WHAT YOU SHOULD DO — Total the lines of the entries below that hold the string "silkscreen", then write only that total.
┌─ DATA FOR THIS EXERCISE
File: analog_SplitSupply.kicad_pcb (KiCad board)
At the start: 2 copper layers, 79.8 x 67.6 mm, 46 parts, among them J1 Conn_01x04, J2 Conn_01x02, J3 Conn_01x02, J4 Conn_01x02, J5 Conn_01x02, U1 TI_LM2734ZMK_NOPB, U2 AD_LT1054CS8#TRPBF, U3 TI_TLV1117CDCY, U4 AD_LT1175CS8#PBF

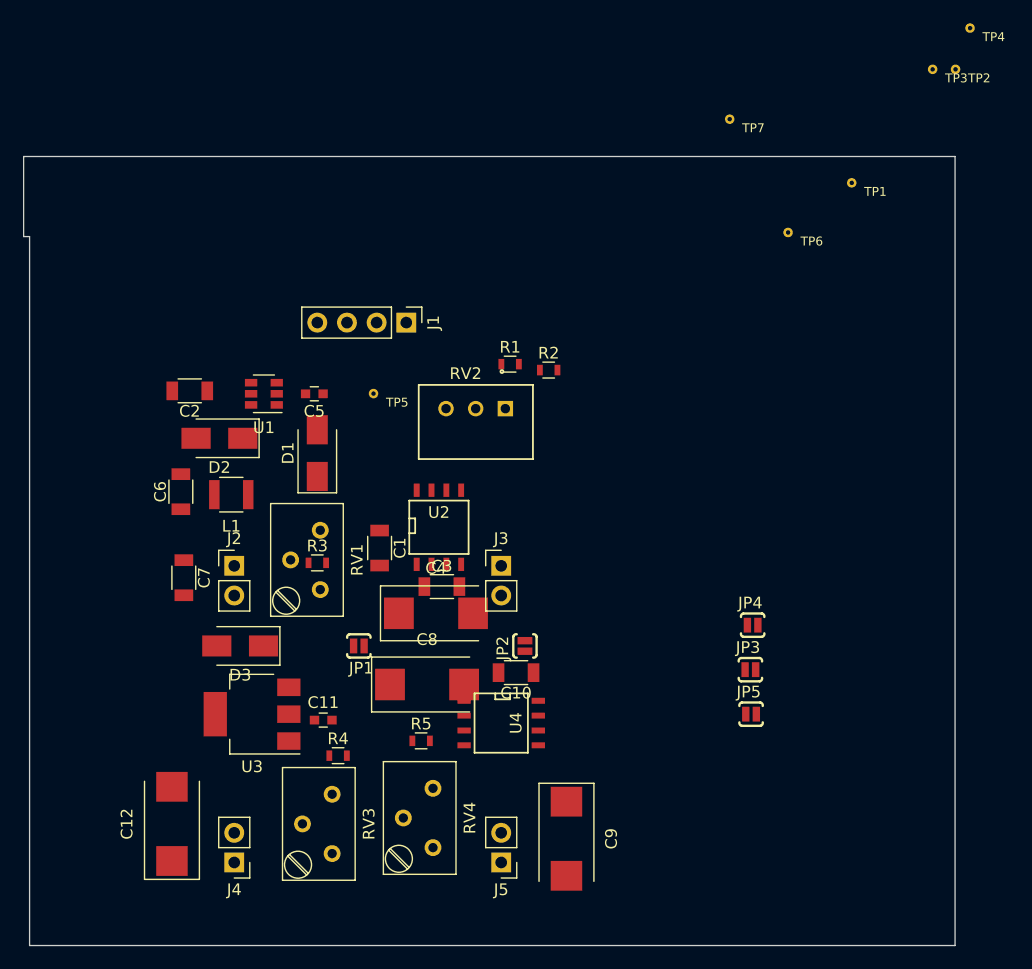
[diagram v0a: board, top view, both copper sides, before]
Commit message: Updated schematic and prelim layout
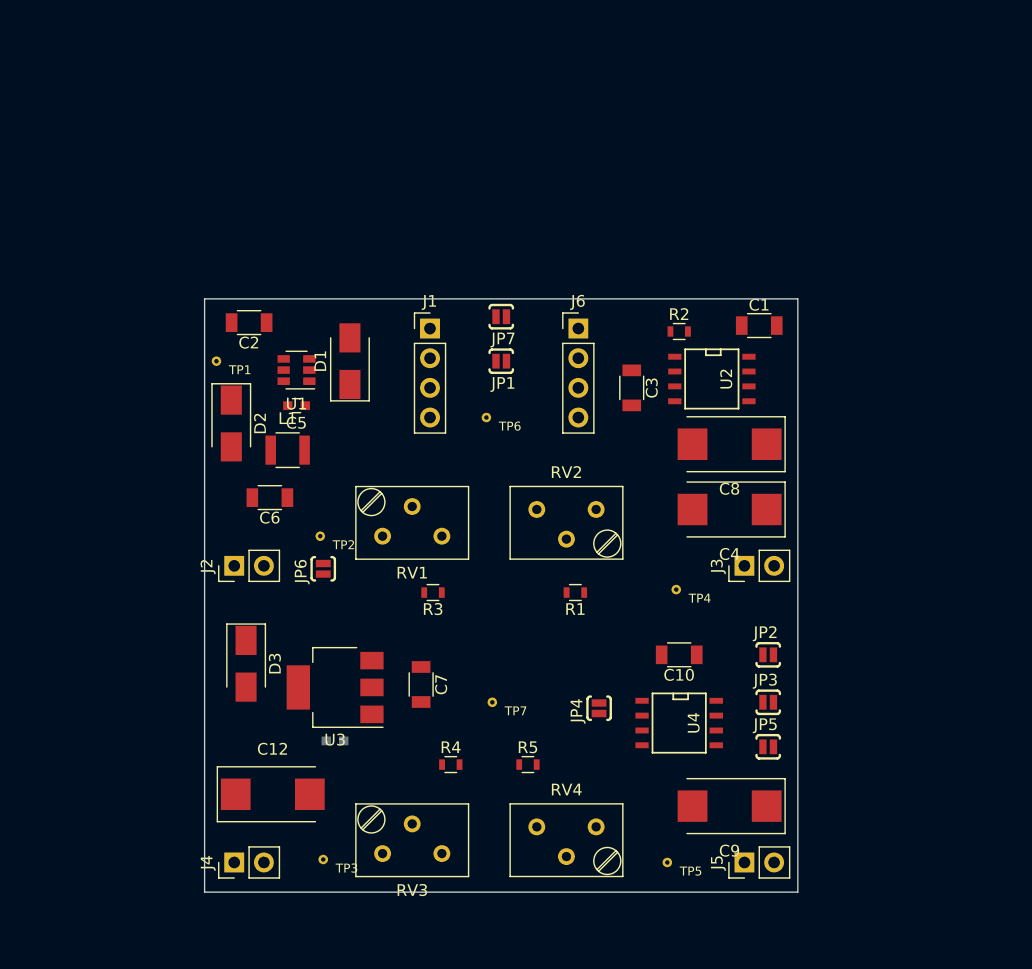
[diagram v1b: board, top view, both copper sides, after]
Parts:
- added J6: Conn_01x04, Pin_Headers:Pin_Header_Straight_1x04_Pitch2.54mm, F.Cu at (131.1, 81.3)
- added JP6: PAD_JUMPER_2PIN_NC, DBLS_Misc:PAD_JUMPER_2PIN_NC, F.Cu at (109.2, 101.9)
- added JP7: PAD_JUMPER_2PIN_NC, DBLS_Misc:PAD_JUMPER_2PIN_NC, F.Cu at (124.5, 80.3)
- C11: moved to B.Cu
- RV2: value BOURNS_3299W-1-204LF -> BOURNS_PV37W204C01B00; footprint DBLS_Resistor:BOURNS_3299W -> Potentiometers:Potentiometer_Trimmer_Bourns_3299Y
- moved TP3 85.4 mm to (109.2, 126.7)
- moved TP2 67.5 mm to (109.0, 99.1)
- moved TP1 56.5 mm to (100.1, 84.1)
- moved TP4 54.3 mm to (139.4, 103.6)
- moved TP7 53.9 mm to (123.7, 113.3)
- moved TP5 47.4 mm to (138.7, 127.0)
- moved C1 37.7 mm to (146.6, 81.0), turned to 0 degrees
- moved C8 33.1 mm to (144.0, 91.2), turned to 180 degrees
- moved TP6 30.3 mm to (123.2, 88.9)
- moved JP1 27.3 mm to (124.5, 84.1)
- moved C4 26.7 mm to (144.0, 96.8), turned to 180 degrees
- moved U2 26.6 mm to (142.5, 85.6), turned to 270 degrees
- moved C3 23.5 mm to (135.6, 86.4), turned to 270 degrees
- moved C7 22.3 mm to (117.6, 111.8)
- moved JP2 20.8 mm to (147.3, 109.2), turned to 180 degrees
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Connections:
- net Net-(C1-Pad1) renamed /VPOS_INV_IN
- net Net-(C10-Pad1) renamed /VNEG_LDO_IN
- C7 pad 1: VSW+ -> /VPOS_LDO_IN
- D3 pad 1: VSW+ -> /VPOS_LDO_IN
- U3 pad 3: VSW+ -> /VPOS_LDO_IN
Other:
- board size 79.8 x 67.6 mm -> 50.8 x 50.8 mm

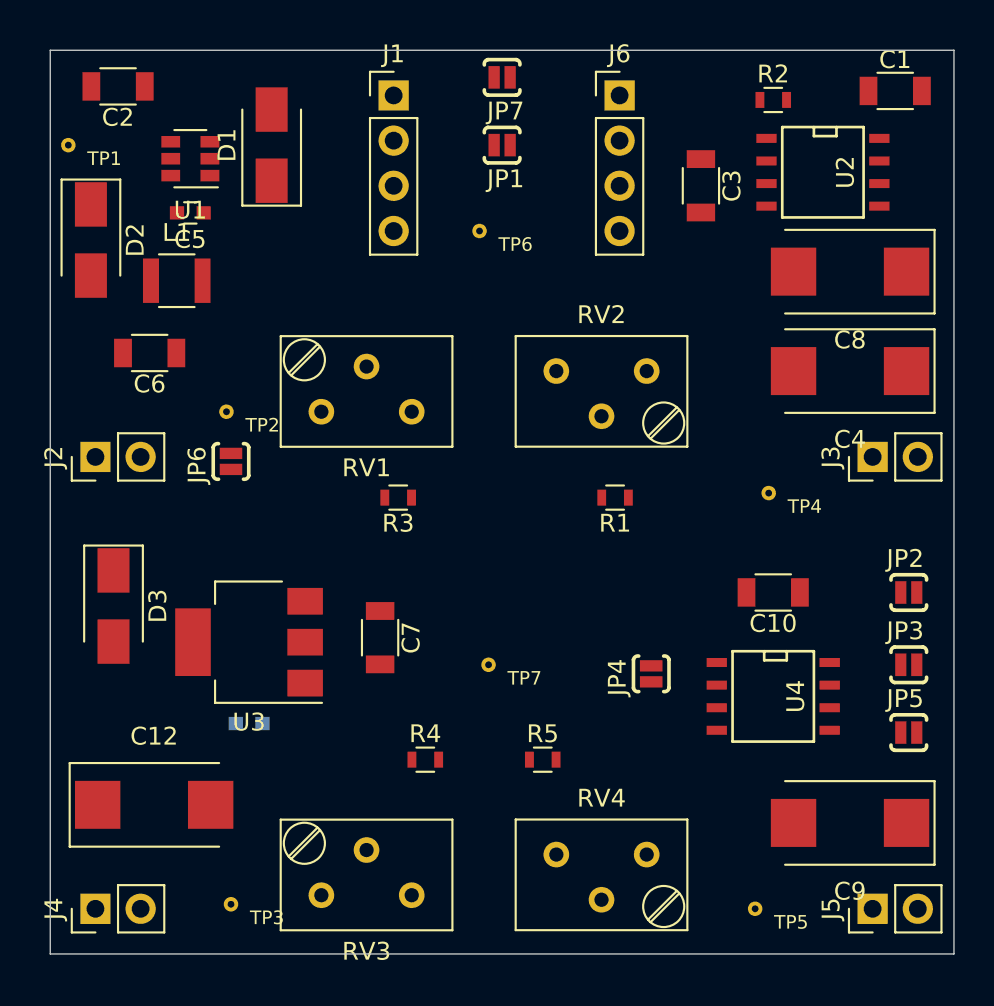
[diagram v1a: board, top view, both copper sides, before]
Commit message: first route awaiting silkscreen cleanup
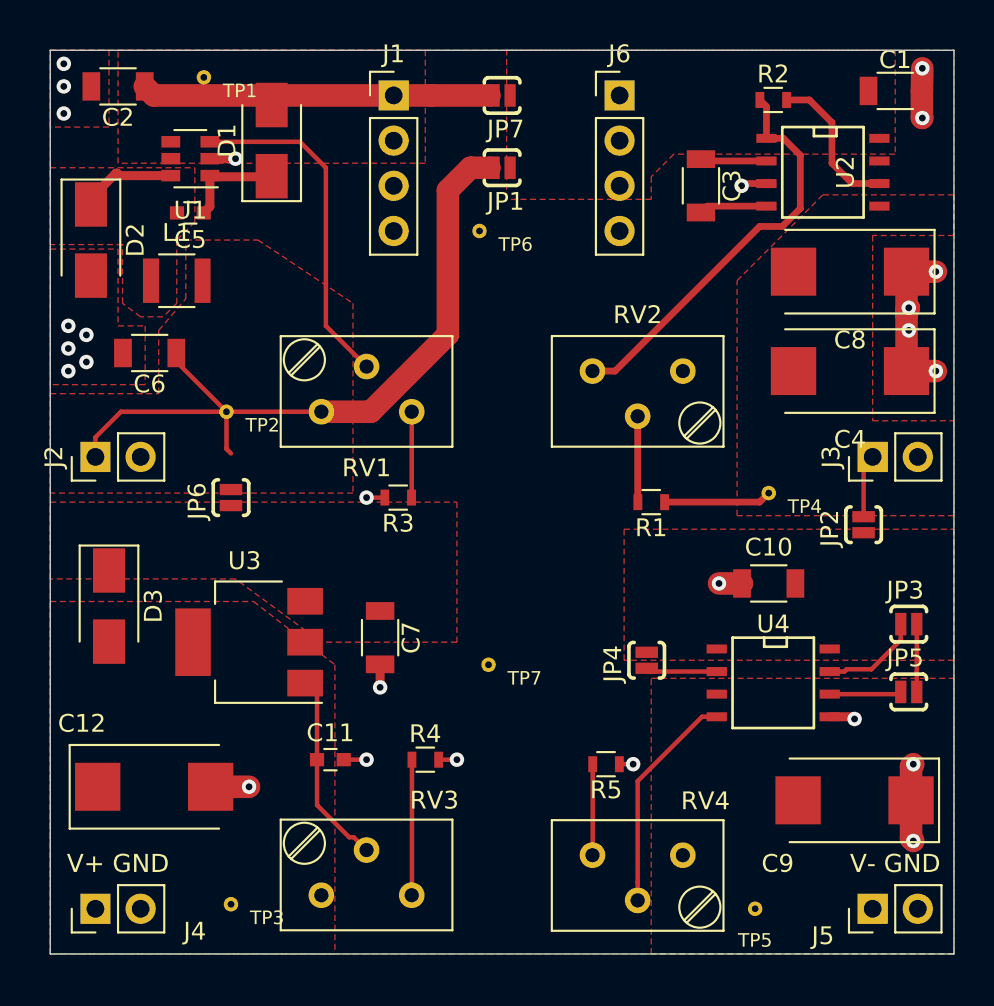
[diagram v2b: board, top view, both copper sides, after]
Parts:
- C11: moved to F.Cu
- moved TP1 8.52 mm to (107.7, 80.3)
- moved C11 5.00 mm to (114.8, 118.6), turned to 0 degrees
- moved JP2 4.58 mm to (144.8, 105.4), turned to 270 degrees
- moved R5 3.57 mm to (130.3, 118.9), turned to 180 degrees
- moved JP3 2.29 mm to (147.3, 111.0)
- moved JP5 2.29 mm to (147.3, 114.8)
- moved R1 2.05 mm to (132.8, 104.1)
- moved RV4 2.03 mm to (134.6, 124.0)
- moved RV2 2.03 mm to (134.6, 96.8)
- moved JP6 2.03 mm to (109.2, 103.9)
- moved C9 1.30 mm to (144.3, 120.9)
- moved JP1 1.27 mm to (124.5, 85.3)
- moved C12 1.02 mm to (104.9, 120.1)
- moved JP7 1.02 mm to (124.5, 81.3)
- moved JP4 0.80 mm to (132.6, 113.0)
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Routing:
- net VSW+: track 0.00 -> 41.2 mm
- net GND: track 0.00 -> 29.6 mm, vias 0 -> 26
- net Net-(R2-Pad1): track 0.00 -> 23.1 mm
- net VIN: track 0.00 -> 19.6 mm
- net Net-(RV1-Pad2): track 0.00 -> 19.2 mm
- net Net-(RV4-Pad2): track 0.00 -> 12.6 mm
- net Net-(C11-Pad1): track 0.00 -> 11.0 mm
- net VSW-: track 0.00 -> 9.64 mm
- net Net-(R2-Pad2): track 0.00 -> 8.50 mm
- net Net-(R4-Pad1): track 0.00 -> 7.62 mm
- net Net-(C5-Pad1): track 0.00 -> 5.83 mm
- net Net-(JP3-Pad2): track 0.00 -> 5.62 mm
- net Net-(C5-Pad2): track 0.00 -> 5.48 mm
- net Net-(R5-Pad2): track 0.00 -> 5.12 mm
- net Net-(R1-Pad2): track 0.00 -> 4.83 mm
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- added copper zone on F.Cu, net /VNEG_LDO_IN
- added copper zone on F.Cu, net /VPOS_INV_IN
- added copper zone on F.Cu, net /VPOS_LDO_IN
- added copper zone on B.Cu, net GND
- added copper zone on F.Cu, net GND
- added copper zone on F.Cu, net Net-(C5-Pad2)
- added copper zone on F.Cu, net V+
- added copper zone on F.Cu, net V-
- added copper zone on F.Cu, net VIN
- added copper zone on F.Cu, net VSW+
- added copper zone on F.Cu, net VSW-
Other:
- net class Default: clearance 0.2 -> 0.2032; trace_width 0.25 -> 0.254; via_dia 0.8 -> 0.8128; via_drill 0.4 -> 0.381
- rule trace_clearance: 0.2 -> 0.2032
- board text added: "V+ GND"
- board text added: "V- GND"

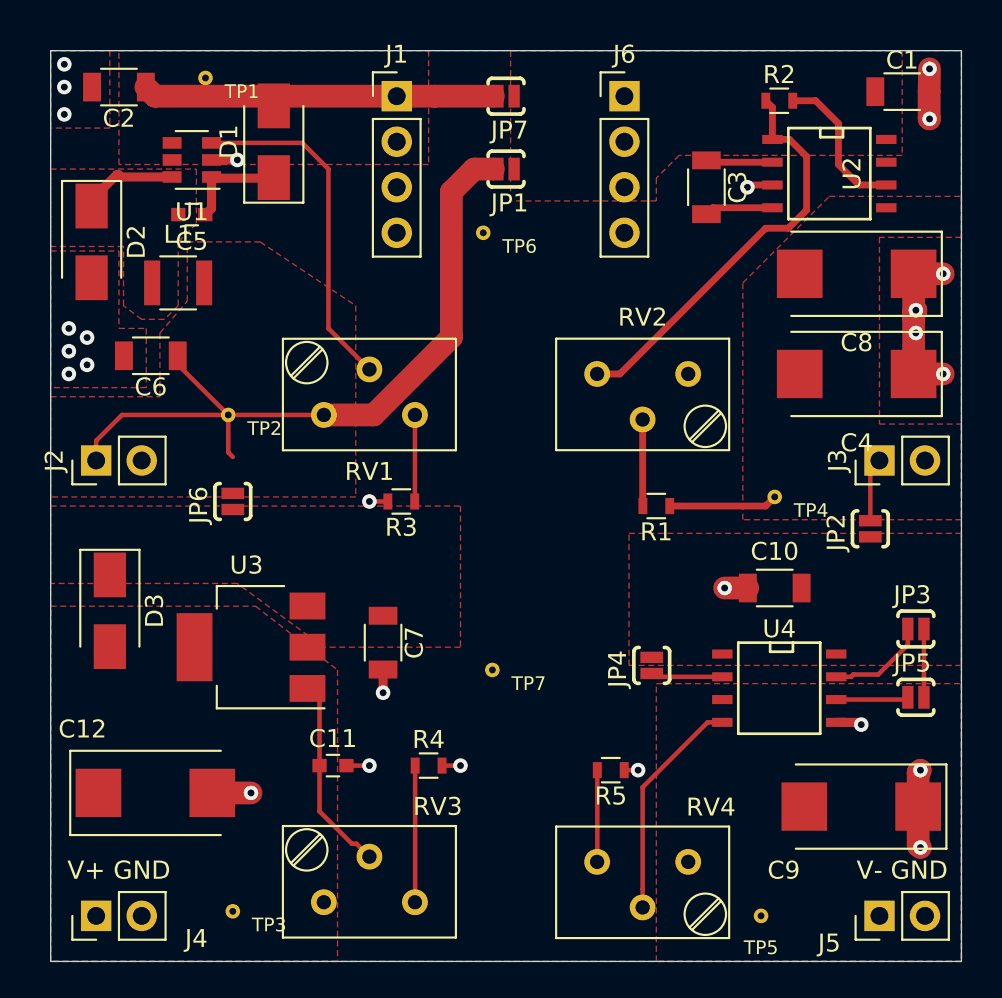
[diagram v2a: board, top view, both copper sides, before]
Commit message: cleaned up silkscreen
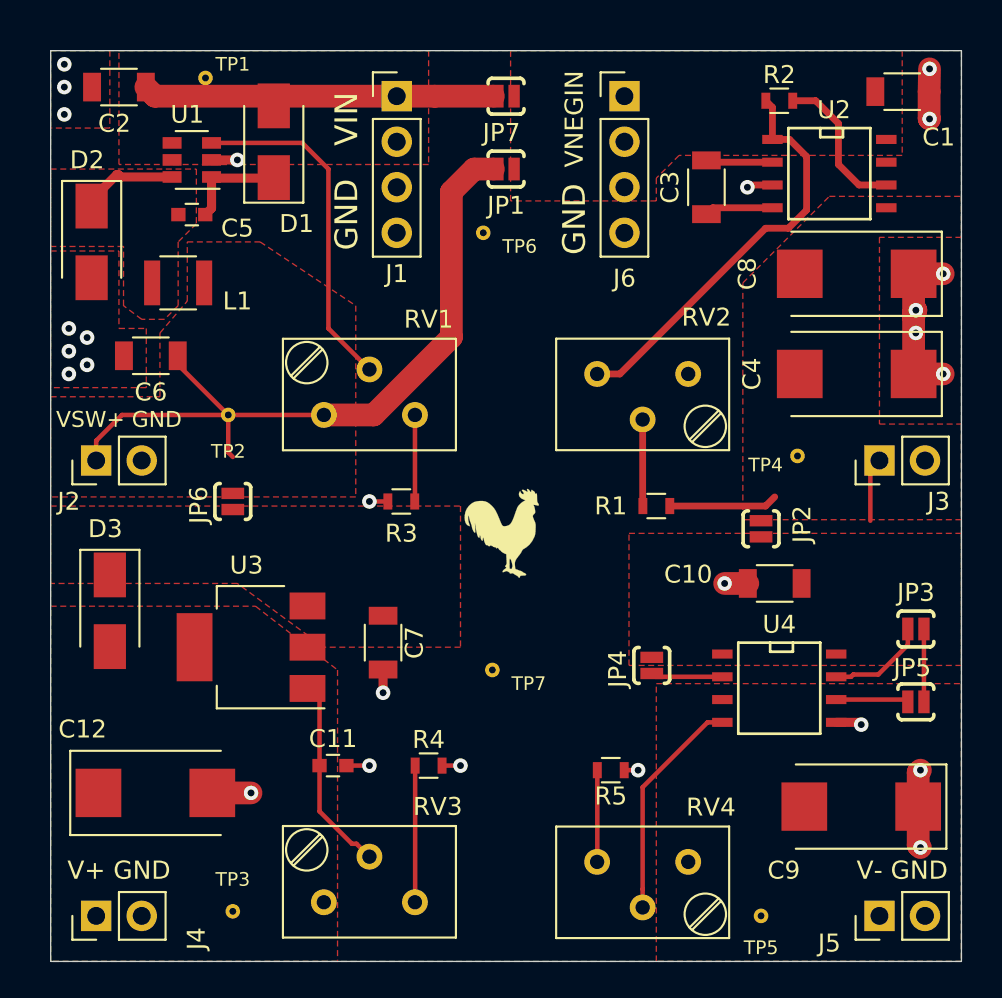
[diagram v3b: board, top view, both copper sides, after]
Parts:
- added LOGO1: DBLS_van_logo_small_v1, DBLS_LOGO:van_logo_small, B.Cu at (123.2, 115.3)
- added LOGO2: DBLS_Chicken_Small, DBLS_LOGO:Rooster_4mmx4mm, F.Cu at (124.2, 105.7)
- moved JP2 6.10 mm to (138.7, 105.4)
- moved TP4 2.62 mm to (140.7, 101.3)
- moved C10 0.25 mm to (139.4, 108.5)
- moved JP5 0.25 mm to (147.3, 115.1)
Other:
- board text added: "GND"
- board text added: "VIN"
- board text added: "VNEGIN"
- board text added: "VSW+ GND"
└─
RESPONSE — 2